You also want to avoid adding too many spices as they can overpower the flavor of the food.

And lastly, use only low sodium soy sauce (or tamari) because regular soy sauce has high levels of salt.

When choosing vegetables, choose ones with firm textures like potatoes, carrots, peppers, corn, and squash.

The softer veggies like tomatoes and onions will break down more easily during the long simmering process which means you’ll need to drain them before adding them to the pot.

If you decide to cook the meat separately beforehand, this step isn’t necessary.

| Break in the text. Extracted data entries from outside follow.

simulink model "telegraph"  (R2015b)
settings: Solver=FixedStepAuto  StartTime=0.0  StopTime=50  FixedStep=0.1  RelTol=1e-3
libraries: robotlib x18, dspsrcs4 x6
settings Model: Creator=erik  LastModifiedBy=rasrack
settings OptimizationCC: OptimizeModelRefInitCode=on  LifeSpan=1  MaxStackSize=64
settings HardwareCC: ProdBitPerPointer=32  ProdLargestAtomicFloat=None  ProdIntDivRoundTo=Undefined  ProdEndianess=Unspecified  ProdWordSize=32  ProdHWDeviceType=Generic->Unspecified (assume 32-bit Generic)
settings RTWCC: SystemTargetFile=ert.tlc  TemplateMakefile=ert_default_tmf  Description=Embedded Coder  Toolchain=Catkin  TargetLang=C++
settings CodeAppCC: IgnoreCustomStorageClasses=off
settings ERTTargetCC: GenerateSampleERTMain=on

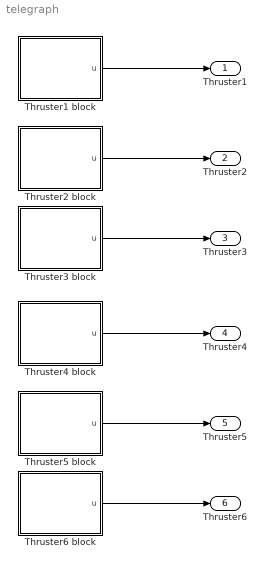
== system telegraph ==
  Thruster1 block : Subsystem
  Thruster2 block : Subsystem
  Thruster3 block : Subsystem
  Thruster4 block : Subsystem
  Thruster5 block : Subsystem
  Thruster6 block : Subsystem
  Thruster1 : Outport
  Thruster2 : Outport  Port=2
  Thruster3 : Outport  Port=3
  Thruster4 : Outport  Port=4
  Thruster5 : Outport  Port=5
  Thruster6 : Outport  Port=6
  wires:
  Thruster1 block/1(u) -> Thruster1/1
  Thruster2 block/1(u) -> Thruster2/1
  Thruster3 block/1(u) -> Thruster3/1
  Thruster4 block/1(u) -> Thruster4/1
  Thruster5 block/1("u ") -> Thruster5/1
  Thruster6 block/1(u) -> Thruster6/1

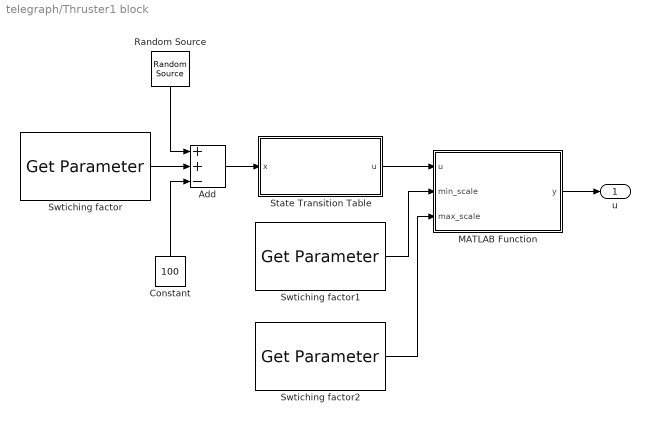
== system telegraph/Thruster1 block ==
  Add : Sum  Inputs=++-
  Constant : Constant  Value=100
  MATLAB Function : MATLAB Function  TreatAsAtomicUnit=on
  Random Source : dspsrcs4/Random Source  SrcType=Uniform  NormMethod=Ziggurat  CltLength=12  MinVal=1  MaxVal=100  MeanVal=0  VarVal=1  RepMode=Not repeatable  rawSeed=1  IsInherit=on  SampMode=Discrete  SampTime=0.1  SampFrame=1  DataType=Double  OutComplex=Real  OutputFrames=off
  State Transition Table : State Transition Table  TreatAsAtomicUnit=on
  Swtiching factor : robotlib/Get Parameter  SourceLibraryInfo=This block requires Robotics System Toolbox  ParameterSource=Specify your own  ParameterName=/matlab_controller/thruster1/switch_factor  ParameterType=int32  ParameterInitialValue=0.0  SampleTime=-1  ShowErrorCodeOutput=off  ModelName=telegraph  BlockId=ParamGet_telegraph_32
  Swtiching factor1 : robotlib/Get Parameter  SourceLibraryInfo=This block requires Robotics System Toolbox  ParameterSource=Specify your own  ParameterName=/matlab_controller/thruster1/min_scale  ParameterType=int32  ParameterInitialValue=1  SampleTime=-1  ShowErrorCodeOutput=off  ModelName=telegraph  BlockId=ParamGet_telegraph_50
  Swtiching factor2 : robotlib/Get Parameter  SourceLibraryInfo=This block requires Robotics System Toolbox  ParameterSource=Specify your own  ParameterName=/matlab_controller/thruster1/max_scale  ParameterType=int32  ParameterInitialValue=1.0  SampleTime=-1  ShowErrorCodeOutput=off  ModelName=telegraph  BlockId=ParamGet_telegraph_51
  u : Outport
  wires:
  MATLAB Function/1(y) -> u/1
  Swtiching factor1/1 -> MATLAB Function/2(min_scale)
  State Transition Table/1(u) -> MATLAB Function/1(u)
  Swtiching factor2/1 -> MATLAB Function/3(max_scale)
  Add/1 -> State Transition Table/1(x)
  Swtiching factor/1 -> Add/2
  Random Source/1 -> Add/1
  Constant/1 -> Add/3

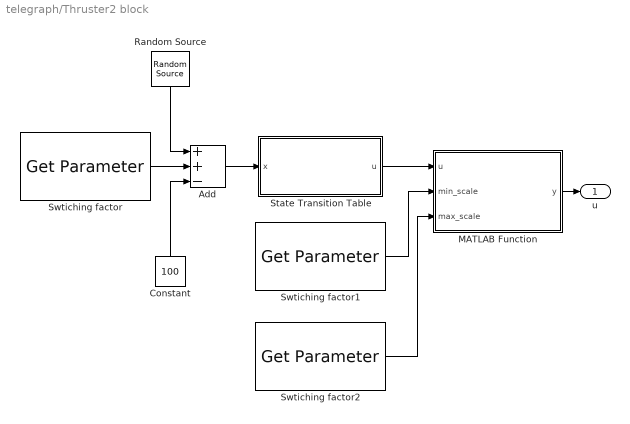
== system telegraph/Thruster2 block ==
  Add : Sum  Inputs=++-
  Constant : Constant  Value=100
  MATLAB Function : MATLAB Function  TreatAsAtomicUnit=on
  Random Source : dspsrcs4/Random Source  SrcType=Uniform  NormMethod=Ziggurat  CltLength=12  MinVal=1  MaxVal=100  MeanVal=0  VarVal=1  RepMode=Not repeatable  rawSeed=1  IsInherit=on  SampMode=Discrete  SampTime=0.1  SampFrame=1  DataType=Double  OutComplex=Real  OutputFrames=off
  State Transition Table : State Transition Table  TreatAsAtomicUnit=on
  Swtiching factor : robotlib/Get Parameter  SourceLibraryInfo=This block requires Robotics System Toolbox  ParameterSource=Specify your own  ParameterName=/matlab_controller/thruster2/switch_factor  ParameterType=int32  ParameterInitialValue=0.0  SampleTime=-1  ShowErrorCodeOutput=off  ModelName=telegraph  BlockId=ParamGet_telegraph_60
  Swtiching factor1 : robotlib/Get Parameter  SourceLibraryInfo=This block requires Robotics System Toolbox  ParameterSource=Specify your own  ParameterName=/matlab_controller/thruster2/min_scale  ParameterType=int32  ParameterInitialValue=1  SampleTime=-1  ShowErrorCodeOutput=off  ModelName=telegraph  BlockId=ParamGet_telegraph_61
  Swtiching factor2 : robotlib/Get Parameter  SourceLibraryInfo=This block requires Robotics System Toolbox  ParameterSource=Specify your own  ParameterName=/matlab_controller/thruster2/max_scale  ParameterType=int32  ParameterInitialValue=1.0  SampleTime=-1  ShowErrorCodeOutput=off  ModelName=telegraph  BlockId=ParamGet_telegraph_62
  u : Outport
  wires:
  MATLAB Function/1(y) -> u/1
  Swtiching factor1/1 -> MATLAB Function/2(min_scale)
  State Transition Table/1(u) -> MATLAB Function/1(u)
  Swtiching factor2/1 -> MATLAB Function/3(max_scale)
  Add/1 -> State Transition Table/1(x)
  Swtiching factor/1 -> Add/2
  Random Source/1 -> Add/1
  Constant/1 -> Add/3

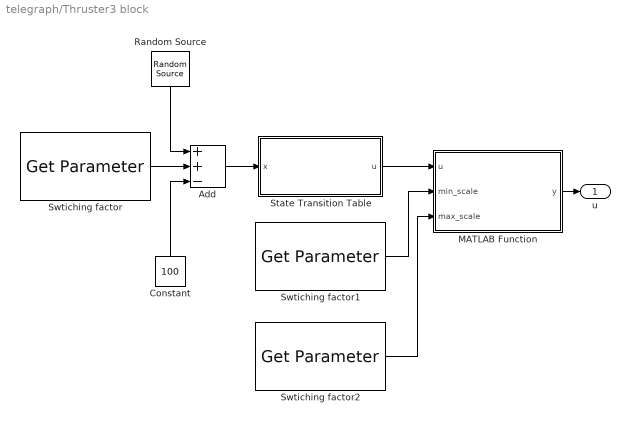
== system telegraph/Thruster3 block ==
  Add : Sum  Inputs=++-
  Constant : Constant  Value=100
  MATLAB Function : MATLAB Function  TreatAsAtomicUnit=on
  Random Source : dspsrcs4/Random Source  SrcType=Uniform  NormMethod=Ziggurat  CltLength=12  MinVal=1  MaxVal=100  MeanVal=0  VarVal=1  RepMode=Not repeatable  rawSeed=1  IsInherit=on  SampMode=Discrete  SampTime=0.1  SampFrame=1  DataType=Double  OutComplex=Real  OutputFrames=off
  State Transition Table : State Transition Table  TreatAsAtomicUnit=on
  Swtiching factor : robotlib/Get Parameter  SourceLibraryInfo=This block requires Robotics System Toolbox  ParameterSource=Specify your own  ParameterName=/matlab_controller/thruster3/switch_factor  ParameterType=int32  ParameterInitialValue=0.0  SampleTime=-1  ShowErrorCodeOutput=off  ModelName=telegraph  BlockId=ParamGet_telegraph_70
  Swtiching factor1 : robotlib/Get Parameter  SourceLibraryInfo=This block requires Robotics System Toolbox  ParameterSource=Specify your own  ParameterName=/matlab_controller/thruster3/min_scale  ParameterType=int32  ParameterInitialValue=1  SampleTime=-1  ShowErrorCodeOutput=off  ModelName=telegraph  BlockId=ParamGet_telegraph_71
  Swtiching factor2 : robotlib/Get Parameter  SourceLibraryInfo=This block requires Robotics System Toolbox  ParameterSource=Specify your own  ParameterName=/matlab_controller/thruster3/max_scale  ParameterType=int32  ParameterInitialValue=1.0  SampleTime=-1  ShowErrorCodeOutput=off  ModelName=telegraph  BlockId=ParamGet_telegraph_72
  u : Outport
  wires:
  MATLAB Function/1(y) -> u/1
  Swtiching factor1/1 -> MATLAB Function/2(min_scale)
  State Transition Table/1(u) -> MATLAB Function/1(u)
  Swtiching factor2/1 -> MATLAB Function/3(max_scale)
  Add/1 -> State Transition Table/1(x)
  Swtiching factor/1 -> Add/2
  Random Source/1 -> Add/1
  Constant/1 -> Add/3

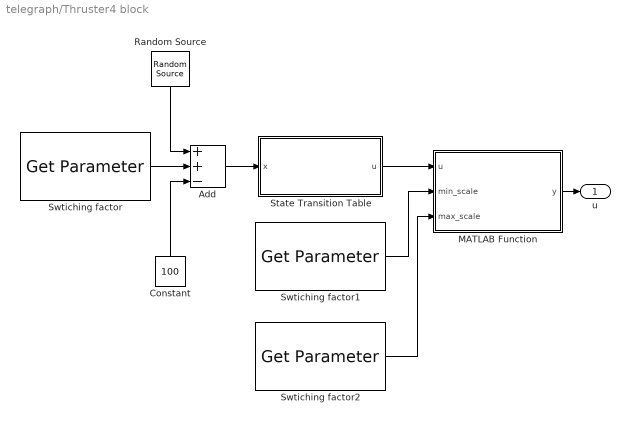
== system telegraph/Thruster4 block ==
  Add : Sum  Inputs=++-
  Constant : Constant  Value=100
  MATLAB Function : MATLAB Function  TreatAsAtomicUnit=on
  Random Source : dspsrcs4/Random Source  SrcType=Uniform  NormMethod=Ziggurat  CltLength=12  MinVal=1  MaxVal=100  MeanVal=0  VarVal=1  RepMode=Not repeatable  rawSeed=1  IsInherit=on  SampMode=Discrete  SampTime=0.1  SampFrame=1  DataType=Double  OutComplex=Real  OutputFrames=off
  State Transition Table : State Transition Table  TreatAsAtomicUnit=on
  Swtiching factor : robotlib/Get Parameter  SourceLibraryInfo=This block requires Robotics System Toolbox  ParameterSource=Specify your own  ParameterName=/matlab_controller/thruster4/switch_factor  ParameterType=int32  ParameterInitialValue=0.0  SampleTime=-1  ShowErrorCodeOutput=off  ModelName=telegraph  BlockId=ParamGet_telegraph_80
  Swtiching factor1 : robotlib/Get Parameter  SourceLibraryInfo=This block requires Robotics System Toolbox  ParameterSource=Specify your own  ParameterName=/matlab_controller/thruster4/min_scale  ParameterType=int32  ParameterInitialValue=1  SampleTime=-1  ShowErrorCodeOutput=off  ModelName=telegraph  BlockId=ParamGet_telegraph_81
  Swtiching factor2 : robotlib/Get Parameter  SourceLibraryInfo=This block requires Robotics System Toolbox  ParameterSource=Specify your own  ParameterName=/matlab_controller/thruster4/max_scale  ParameterType=int32  ParameterInitialValue=1.0  SampleTime=-1  ShowErrorCodeOutput=off  ModelName=telegraph  BlockId=ParamGet_telegraph_82
  u : Outport
  wires:
  MATLAB Function/1(y) -> u/1
  Swtiching factor1/1 -> MATLAB Function/2(min_scale)
  State Transition Table/1(u) -> MATLAB Function/1(u)
  Swtiching factor2/1 -> MATLAB Function/3(max_scale)
  Add/1 -> State Transition Table/1(x)
  Swtiching factor/1 -> Add/2
  Random Source/1 -> Add/1
  Constant/1 -> Add/3

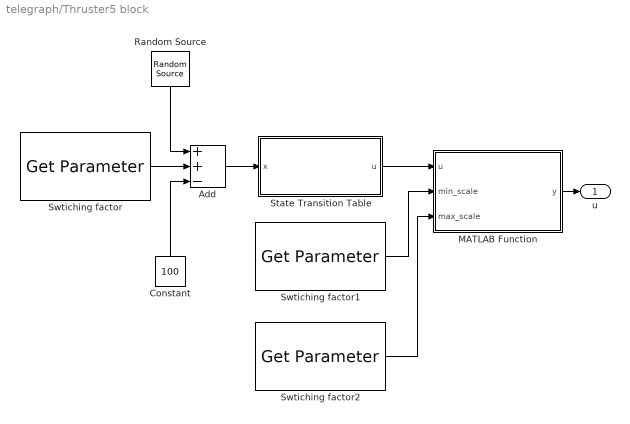
== system telegraph/Thruster5 block ==
  Add : Sum  Inputs=++-
  Constant : Constant  Value=100
  MATLAB Function : MATLAB Function  TreatAsAtomicUnit=on
  Random Source : dspsrcs4/Random Source  SrcType=Uniform  NormMethod=Ziggurat  CltLength=12  MinVal=1  MaxVal=100  MeanVal=0  VarVal=1  RepMode=Not repeatable  rawSeed=1  IsInherit=on  SampMode=Discrete  SampTime=0.1  SampFrame=1  DataType=Double  OutComplex=Real  OutputFrames=off
  State Transition Table : State Transition Table  TreatAsAtomicUnit=on
  Swtiching factor : robotlib/Get Parameter  SourceLibraryInfo=This block requires Robotics System Toolbox  ParameterSource=Specify your own  ParameterName=/matlab_controller/thruster5/switch_factor  ParameterType=int32  ParameterInitialValue=0.0  SampleTime=-1  ShowErrorCodeOutput=off  ModelName=telegraph  BlockId=ParamGet_telegraph_90
  Swtiching factor1 : robotlib/Get Parameter  SourceLibraryInfo=This block requires Robotics System Toolbox  ParameterSource=Specify your own  ParameterName=/matlab_controller/thruster5/min_scale  ParameterType=int32  ParameterInitialValue=1  SampleTime=-1  ShowErrorCodeOutput=off  ModelName=telegraph  BlockId=ParamGet_telegraph_91
  Swtiching factor2 : robotlib/Get Parameter  SourceLibraryInfo=This block requires Robotics System Toolbox  ParameterSource=Specify your own  ParameterName=/matlab_controller/thruster5/max_scale  ParameterType=int32  ParameterInitialValue=1.0  SampleTime=-1  ShowErrorCodeOutput=off  ModelName=telegraph  BlockId=ParamGet_telegraph_92
  "u " : Outport
  wires:
  MATLAB Function/1(y) -> "u "/1
  Swtiching factor1/1 -> MATLAB Function/2(min_scale)
  State Transition Table/1(u) -> MATLAB Function/1(u)
  Swtiching factor2/1 -> MATLAB Function/3(max_scale)
  Add/1 -> State Transition Table/1(x)
  Swtiching factor/1 -> Add/2
  Random Source/1 -> Add/1
  Constant/1 -> Add/3

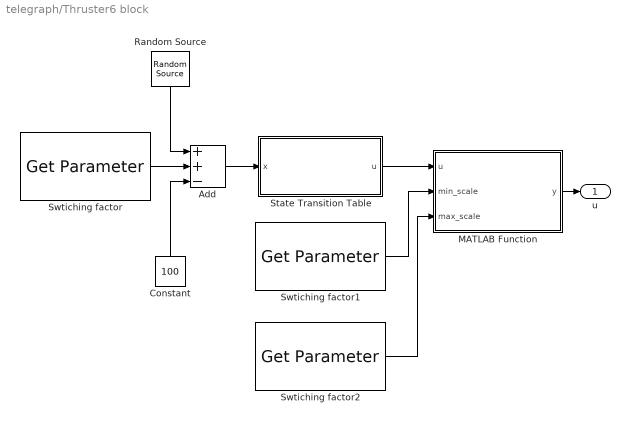
== system telegraph/Thruster6 block ==
  Add : Sum  Inputs=++-
  Constant : Constant  Value=100
  MATLAB Function : MATLAB Function  TreatAsAtomicUnit=on
  Random Source : dspsrcs4/Random Source  SrcType=Uniform  NormMethod=Ziggurat  CltLength=12  MinVal=1  MaxVal=100  MeanVal=0  VarVal=1  RepMode=Not repeatable  rawSeed=1  IsInherit=on  SampMode=Discrete  SampTime=0.1  SampFrame=1  DataType=Double  OutComplex=Real  OutputFrames=off
  State Transition Table : State Transition Table  TreatAsAtomicUnit=on
  Swtiching factor : robotlib/Get Parameter  SourceLibraryInfo=This block requires Robotics System Toolbox  ParameterSource=Specify your own  ParameterName=/matlab_controller/thruster6/switch_factor  ParameterType=int32  ParameterInitialValue=0.0  SampleTime=-1  ShowErrorCodeOutput=off  ModelName=telegraph  BlockId=ParamGet_telegraph_100
  Swtiching factor1 : robotlib/Get Parameter  SourceLibraryInfo=This block requires Robotics System Toolbox  ParameterSource=Specify your own  ParameterName=/matlab_controller/thruster6/min_scale  ParameterType=int32  ParameterInitialValue=1  SampleTime=-1  ShowErrorCodeOutput=off  ModelName=telegraph  BlockId=ParamGet_telegraph_101
  Swtiching factor2 : robotlib/Get Parameter  SourceLibraryInfo=This block requires Robotics System Toolbox  ParameterSource=Specify your own  ParameterName=/matlab_controller/thruster6/max_scale  ParameterType=int32  ParameterInitialValue=1.0  SampleTime=-1  ShowErrorCodeOutput=off  ModelName=telegraph  BlockId=ParamGet_telegraph_102
  u : Outport
  wires:
  MATLAB Function/1(y) -> u/1
  Swtiching factor1/1 -> MATLAB Function/2(min_scale)
  State Transition Table/1(u) -> MATLAB Function/1(u)
  Swtiching factor2/1 -> MATLAB Function/3(max_scale)
  Add/1 -> State Transition Table/1(x)
  Swtiching factor/1 -> Add/2
  Random Source/1 -> Add/1
  Constant/1 -> Add/3

== matlab function telegraph/Thruster2 block/MATLAB Function ==
  data: u input; y output; min_scale input; max_scale input
function y = fcn(u,min_scale,max_scale)
%#codegen
    
    if (u < 0)
        y = min_scale*u;
    else
        y = max_scale*u;
    end
end

== matlab function telegraph/Thruster1 block/MATLAB Function ==
  data: u input; y output; min_scale input; max_scale input
function y = fcn(u,min_scale,max_scale)
%#codegen
    
    if (u < 0)
        y = min_scale*u;
    else
        y = max_scale*u;
    end
end

== stateflow chart telegraph/Thruster2 block/State Transition Table ==
  state state1
  state state2
  (default) -> state1
  state1 -> (junction 20) [order 2]
  (junction 20) -> state1
  state1 -> state2 [order 1] : [x > 0]
      | {u = 1}
  state2 -> state1 [order 1] : [x> 0]
      | {u= -1}
  state2 -> (junction 24) [order 2]
  (junction 24) -> state2
  data: x input; u output

== stateflow chart telegraph/Thruster1 block/State Transition Table ==
  state state1
  state state2
  (default) -> state1
  state1 -> (junction 20) [order 2]
  (junction 20) -> state1
  state1 -> state2 [order 1] : [x > 0]
      | {u = 1}
  state2 -> state1 [order 1] : [x> 0]
      | {u= -1}
  state2 -> (junction 24) [order 2]
  (junction 24) -> state2
  data: x input; u output

== matlab function telegraph/Thruster3 block/MATLAB Function ==
  data: u input; y output; min_scale input; max_scale input
function y = fcn(u,min_scale,max_scale)
%#codegen
    
    if (u < 0)
        y = min_scale*u;
    else
        y = max_scale*u;
    end
end

== stateflow chart telegraph/Thruster3 block/State Transition Table ==
  state state1
  state state2
  (default) -> state1
  state1 -> (junction 20) [order 2]
  (junction 20) -> state1
  state1 -> state2 [order 1] : [x > 0]
      | {u = 1}
  state2 -> state1 [order 1] : [x> 0]
      | {u= -1}
  state2 -> (junction 24) [order 2]
  (junction 24) -> state2
  data: x input; u output

== matlab function telegraph/Thruster4 block/MATLAB Function ==
  data: u input; y output; min_scale input; max_scale input
function y = fcn(u,min_scale,max_scale)
%#codegen
    
    if (u < 0)
        y = min_scale*u;
    else
        y = max_scale*u;
    end
end

== stateflow chart telegraph/Thruster4 block/State Transition Table ==
  state state1
  state state2
  (default) -> state1
  state1 -> (junction 20) [order 2]
  (junction 20) -> state1
  state1 -> state2 [order 1] : [x > 0]
      | {u = 1}
  state2 -> state1 [order 1] : [x> 0]
      | {u= -1}
  state2 -> (junction 24) [order 2]
  (junction 24) -> state2
  data: x input; u output

== matlab function telegraph/Thruster5 block/MATLAB Function ==
  data: u input; y output; min_scale input; max_scale input
function y = fcn(u,min_scale,max_scale)
%#codegen
    
    if (u < 0)
        y = min_scale*u;
    else
        y = max_scale*u;
    end
end

== stateflow chart telegraph/Thruster5 block/State Transition Table ==
  state state1
  state state2
  (default) -> state1
  state1 -> (junction 20) [order 2]
  (junction 20) -> state1
  state1 -> state2 [order 1] : [x > 0]
      | {u = 1}
  state2 -> state1 [order 1] : [x> 0]
      | {u= -1}
  state2 -> (junction 24) [order 2]
  (junction 24) -> state2
  data: x input; u output

== matlab function telegraph/Thruster6 block/MATLAB Function ==
  data: u input; y output; min_scale input; max_scale input
function y = fcn(u,min_scale,max_scale)
%#codegen
    
    if (u < 0)
        y = min_scale*u;
    else
        y = max_scale*u;
    end
end

== stateflow chart telegraph/Thruster6 block/State Transition Table ==
  state state1
  state state2
  (default) -> state1
  state1 -> (junction 20) [order 2]
  (junction 20) -> state1
  state1 -> state2 [order 1] : [x > 0]
      | {u = 1}
  state2 -> state1 [order 1] : [x> 0]
      | {u= -1}
  state2 -> (junction 24) [order 2]
  (junction 24) -> state2
  data: x input; u output

Check out our list of top 10 healthy vegan chili bowls to find one that works for you!

Gluten Free Chili Recipe

Chili is one of those dishes that everyone loves to eat, but it can get boring if your taste buds are craving something with more flavor.
Prep Time: 15 minutes
Cook Time: 45 minutes
Total Time: 1 hour
Course: Side Dishes
Cuisine: American
Keyword: Gluten Free Chili Recipe
Servings: 4
Calories: 917kcal


  • 1 tablespoon olive oil
  • 1 pound ground beef
  • 1 pound sausage
  • 1 large onion chopped
  • 1 green pepper chopped
  • 1 jalapeno pepper seeded
  • 2 tablespoons chili powder
  • 1 tablespoon cumin
  • 1 teaspoon oregano
  • 1/2 teaspoon salt
  • 1/4 teaspoon pepper
  • 1 tablespoon brown sugar
  • 2 bay leaves
  • 4 cloves garlic minced
  • 3 tablespoons tomato paste
  • 2 28 oz cans crushed tomatoes
  • 1/4-1/2 cup water
  • 2 15 oz cans red kidney beans


  • Select Saute on your Instant Pot. Olive oil is added. As you toss and break up the beef and sausage with a spatula (or meat grinder), add the meat and cook until it is browned.
  • Jalapeno, green pepper, and onion are added; simmer for an additional three minutes, or until softened.
  • Add the bay leaves, garlic, tomato paste, chili powder, cumin, oregano, salt, pepper, brown sugar, and stir to combine. Cook for one to two minutes, or until aromatic.
  • Crushed tomatoes, chicken stock, and beans should all be added; mix to incorporate. Cook for 15 minutes in the instant pot by selecting MANUAL or HIGH PRESSURE. Give the chili 10 minutes to release naturally.
  • Serve with desired garnishes. Enjoy!



Calories: 917kcal | Carbohydrates: 49g | Protein: 51g | Fat: 58g | Saturated Fat: 19g | Polyunsaturated Fat: 6g | Monounsaturated Fat: 26g | Trans Fat: 2g | Cholesterol: 162mg | Sodium: 1414mg | Potassium: 1927mg | Fiber: 15g | Sugar: 13g | Vitamin A: 3404IU | Vitamin C: 65mg | Calcium: 144mg | Iron: 10mg
Tried this recipe?Let us know how it was!